> **Exercise materials**
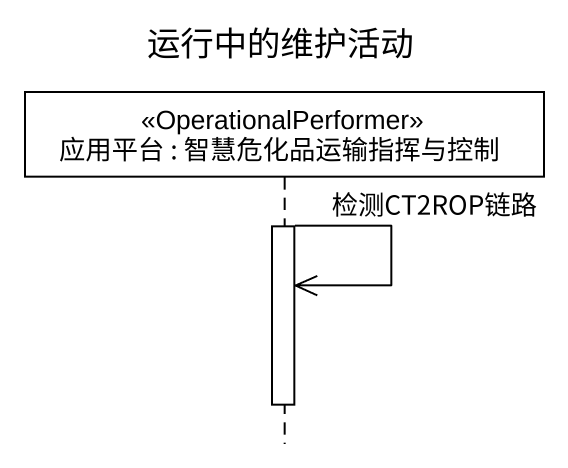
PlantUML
@startuml
title 运行中的维护活动
hide footbox
participant "应用平台 : 智慧危化品运输指挥与控制" as 应用平台 <<OperationalPerformer>>

activate 应用平台
应用平台 ->> 应用平台 : 检测CT2ROP链路
deactivate 应用平台
@enduml

> **Task to complete**
Go through the records and count the lines that include "应用平台", then give only that number.

> **Output for this exercise**
4